Events

Constitution Drafting in Bosnia and Herzegovina

May 10, 2006 // 12:00pm1:30pm

Ten years after the adoption of the Dayton Accords, the awkward, redundant, expensive and often ineffective institutional structure that resulted from that process is largely still in place today. Careful not to give too much power at the federal level to any one ethnic group, the Dayton Accords divested power from the center to local governing bodies. Among other problems, the nearly powerless central government did not have authority over crucial state interests, such as defense, taxation and the environment, which are necessary for Bosnia and Herzegovina to accede to the European Union.

R. Bruce Hitchner described the goals and methods of the Public International Law Group's "Dayton Project," which created a process for bringing the relevant parties to the table in Bosnia to discuss and hopefully adopt constitutional amendments. The Project's goals were to negotiate a package of constitutional reforms according to Euro-Atlantic norms; to enhance human rights commitments; and to make the Bosnian government more cost-effective, smaller and more efficient. The negotiations were conducted in executive session, so that discussion was not for press attribution, in an effort to reduce public chatter over specific issues and thereby improve the chances that consensus could be reached.

There was no consensus by either the international or Bosnian participants about what the outcome of the process would be. Thus, the Dayton Project initiated an "authentic" process of constitution making, which was driven and owned by the government representatives. The meetings began in March 2005, with the idea that draft amendments would be ready for public discussion by the November 2005, and then adopted by the legislature by March 2006. The fast pace was due in part by the desire to put reforms into place before the next elections.

To begin discussion, the parties were invited to focus on the most important problems facing the country and discussion had to focus only on the options for dealing with those issues. International observers, some from the Venice Commission, were present only in a supportive capacity to offer examples of how other countries have dealt with similar problems. The Secretariat, as the Dayton Project staff and observers were called, did not lead discussion, but simply offered options for the discussants to consider. The secretariat also worked on creating detailed reports of what had been agreed upon during the meeting, in the hope of creating a transparent process.

As a first step, the discussion focused on finding agreement among the parties on the definition of "vital national interests," which Hitchner described as being the lynchpin for achieving consensus on the constitutional amendments.

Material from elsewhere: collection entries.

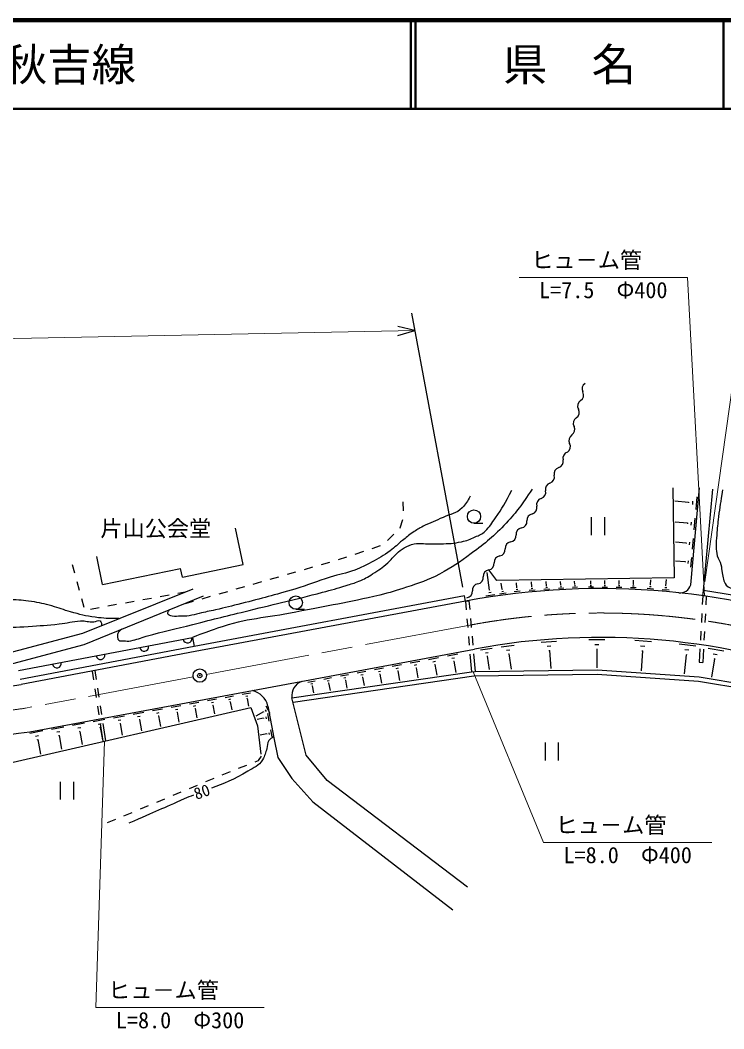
# Model space of a CAD drawing. Units: millimetres, scale not verified. Extents: x 40000 to 680000, y 20000 to 380000.
# Drawn here: x 253677 to 333044, y 266317 to 380000 of the extents above; entities that cross this region are included whole.
import ezdxf
from ezdxf.enums import TextEntityAlignment as Align

# ---------------------------------------------------------------- set-up
doc = ezdxf.new("R2010")
doc.units = ezdxf.units.MM
doc.header["$LTSCALE"] = 1000
doc.header["$PDMODE"] = 32
doc.header["$PDSIZE"] = 500
doc.linetypes.add('CHAIN', pattern=[18.5, 12, -1.5, 3.5, -1.5])
for name, color, linetype, lineweight in [('M-BGD', 7, 'Continuous', 25), ('M-BMK', 2, 'CHAIN', 13), ('M-BMK-SRVR', 3, 'Continuous', 25), ('M-STR-HTXT', 7, 'Continuous', 13), ('M-TTL', 2, 'Continuous', 140), ('M-TTL-LINE', 7, 'Continuous', 50)]:
    doc.layers.add(name, color=color, linetype=linetype, lineweight=lineweight)
doc.layers.add('M-TTL-TXT', color=7, linetype='Continuous')
doc.styles.add('ＭＳ ゴシック', font='')
doc.styles.get('ＭＳ ゴシック').set_extended_font_data('MS Gothic')

msp = doc.modelspace()

# ---------------------------------------------------------------- linework, layer by layer
at = {"layer": 'M-BGD'}
for p, q in [((303608, 316095), (297842, 346976)), ((298209, 345010), (296268, 345490)), ((296288, 344455), (298209, 345010)), ((327293, 327297), (327434, 317155)), ((329304, 316344), (330300, 327295)), ((330008, 326292), (329876, 324840)), ((330753, 315719), (331793, 327159)), ((296926, 324709), (296859, 325707)), ((329071, 325645), (327513, 325787)), ((329075, 325691), (329066, 325600)), ((329523, 325787), (329490, 325424)), ((296519, 322783), (296825, 323732)), ((304863, 323302), (305863, 323302)), ((318081, 323971), (318081, 321971)), ((319581, 323971), (319581, 321971)), ((328933, 323292), (327546, 323419)), ((328937, 323334), (328929, 323251)), ((329346, 323422), (329316, 323091)), ((329788, 323883), (329668, 322558)), ((278827, 318648), (277980, 322760)), ((295103, 321367), (295810, 322074)), ((296517, 322781), (296519, 322783)), ((293373, 320463), (294322, 320779)), ((328803, 321060), (327577, 321171)), ((328806, 321097), (328799, 321022)), ((329178, 321177), (329150, 320876)), ((329581, 321596), (329471, 320391)), ((262954, 316401), (262309, 319534)), ((289579, 319198), (290527, 319515)), ((291476, 319831), (292425, 320147)), ((259536, 318659), (259802, 317695)), ((271970, 317237), (278827, 318648)), ((285734, 318095), (286695, 318371)), ((287656, 318646), (288618, 318922)), ((328679, 318941), (327607, 319038)), ((328682, 318975), (328676, 318907)), ((329019, 319048), (328994, 318775)), ((329383, 319427), (329284, 318336)), ((262954, 316401), (271769, 318216)), ((271970, 317237), (271769, 318216)), ((281889, 316993), (282850, 317269)), ((283811, 317544), (284773, 317820)), ((306627, 315774), (306339, 317757)), ((307432, 316838), (306525, 318048)), ((260068, 316731), (260334, 315767)), ((278043, 315891), (279005, 316167)), ((279966, 316442), (280927, 316718)), ((327434, 317155), (307432, 316838)), ((308051, 315821), (307945, 316549)), ((309703, 316015), (309663, 316582)), ((311386, 316134), (311346, 316701)), ((311407, 316135), (311365, 316132)), ((313140, 316041), (312983, 316029)), ((313048, 316224), (313013, 316727)), ((313068, 316226), (313028, 316223)), ((314751, 316141), (314604, 316131)), ((314665, 316313), (314634, 316753)), ((314684, 316314), (314647, 316311)), ((316535, 316090), (315989, 316052)), ((316318, 316240), (316182, 316230)), ((316239, 316398), (316212, 316778)), ((316256, 316400), (316222, 316397)), ((318336, 316080), (317770, 316086)), ((318126, 316252), (317984, 316253)), ((318074, 316422), (318039, 316422)), ((318057, 316422), (318060, 316807)), ((319918, 316064), (319332, 316070)), ((319700, 316242), (319554, 316243)), ((319647, 316418), (319611, 316419)), ((319629, 316418), (319633, 316832)), ((321522, 316047), (320914, 316053)), ((321296, 316232), (321144, 316233)), ((321241, 316414), (321203, 316415)), ((321222, 316415), (321226, 316857)), ((322912, 316221), (322755, 316223)), ((322855, 316411), (322816, 316411)), ((322836, 316411), (322841, 316883)), ((324850, 316123), (324671, 316138)), ((324800, 316343), (324755, 316347)), ((324777, 316345), (324822, 316915)), ((326542, 316257), (326492, 316261)), ((326517, 316259), (326571, 316943)), ((260742, 310923), (273185, 315917)), ((274328, 315071), (260869, 309611)), ((269482, 315050), (270467, 315228)), ((271451, 315405), (272281, 315554)), ((303792, 315112), (273318, 309423)), ((274198, 314789), (275160, 315065)), ((276121, 315340), (277082, 315616)), ((303902, 314523), (303792, 315112)), ((307230, 315232), (306203, 315083)), ((306800, 315484), (306544, 315447)), ((306659, 315778), (306595, 315769)), ((308501, 315417), (307734, 315305)), ((308180, 315605), (307988, 315577)), ((308075, 315825), (308027, 315818)), ((310070, 315633), (309394, 315585)), ((309802, 315818), (309633, 315806)), ((309724, 316016), (309682, 316013)), ((311753, 315752), (311076, 315704)), ((311485, 315937), (311316, 315925)), ((313391, 315868), (312759, 315823)), ((314984, 315981), (314396, 315939)), ((323146, 316030), (322518, 316037)), ((325101, 315887), (324385, 315944)), ((326880, 315747), (326079, 315810)), ((326598, 316011), (326398, 316026)), ((330669, 315125), (330616, 314126)), ((330669, 315125), (330753, 315719)), ((331067, 315068), (331016, 314105)), ((260600, 314803), (260866, 313839)), ((261609, 313633), (262593, 313810)), ((263577, 313987), (264561, 314164)), ((265546, 314342), (266530, 314519)), ((267514, 314696), (268498, 314873)), ((272276, 314238), (273237, 314514)), ((303902, 314523), (273429, 308833)), ((303902, 314523), (304300, 314557)), ((303902, 314523), (303987, 313526)), ((304300, 314557), (304386, 313560)), ((284761, 313603), (285761, 313603)), ((330563, 313128), (330510, 312129)), ((330962, 313107), (330909, 312108)), ((304072, 312530), (304157, 311534)), ((304471, 312564), (304556, 311568)), ((246541, 307135), (260742, 310923)), ((253491, 306687), (273132, 310405)), ((273132, 310405), (273318, 309423)), ((304243, 310537), (304328, 309541)), ((304641, 310571), (304726, 309575)), ((330456, 311131), (330403, 310132)), ((330856, 311109), (330803, 310111)), ((260869, 309611), (249525, 306563)), ((273318, 309423), (253677, 305704)), ((307936, 309355), (309395, 309568)), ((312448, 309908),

By contemplating the issues that bound them, the leaders of the three ethnic groups were able to view Bosnia as a state in which all people shared common interests. Once agreement on this issue was reached, it became possible to move decision-making away from the deadlock of ethnically based elections. It was also agreed that if the Entities ceded power, they could not take it back without the agreement of the federal government. Finally, the participants agreed that the federal government should be empowered to deal with the European Union, which offered the participants a guide for where to focus in the empowerment of the state at the federal level.

The agreement reached through this process proposed several important changes to the institutional structure of Bosnia and Herzegovina. First, the system in which 3 presidents were directly elected (one by each ethnic group) was streamlined so that there would be one president and two vice presidents, each elected indirectly by the House of Representatives. Moreover, joint approval of the president and the vice presidents would only be required for the selection of Constitutional Court justices, the board of the Central Bank and regarding military policy. Second, the house of the Peoples, which currently consists of 15 directly elected delegates (three from each Entity) was changed to 21 delegates, each elected indirectly by the House of Representatives. Moreover, the powers of the House of Peoples were diminished, such that rather than having full legislative powers, it would only review legislation for issues of vital national interest. The bicameral Parliament was maintained, but the size of the House of Representatives was increased from 42 to 87 delegates.

Third, the agreement created the institution of the Prime Minister, who would be empowered to select (and dismiss) the Council of Ministers with the approval of the Parliament and would set the priorities, policies and timelines for the Council's work. In order to avoid deadlock, the Prime Minister could overrule the Ministers and when decisions cannot be reached by consensus of the Council, the Prime Minister could pass a decision with the approval of at least one Minister from each ethnic group.

Fourth, significant authorities over issues such as defense and security, the judiciary and taxation were transferred from the entity level to the central government. In addition, the agreement introduced the Ministry of Agriculture and the Ministry of the Environment, which are vital preconditions for EU accession. Finally, the agreement gave the central government all authority necessary to implement the requirements for EU accession and membership.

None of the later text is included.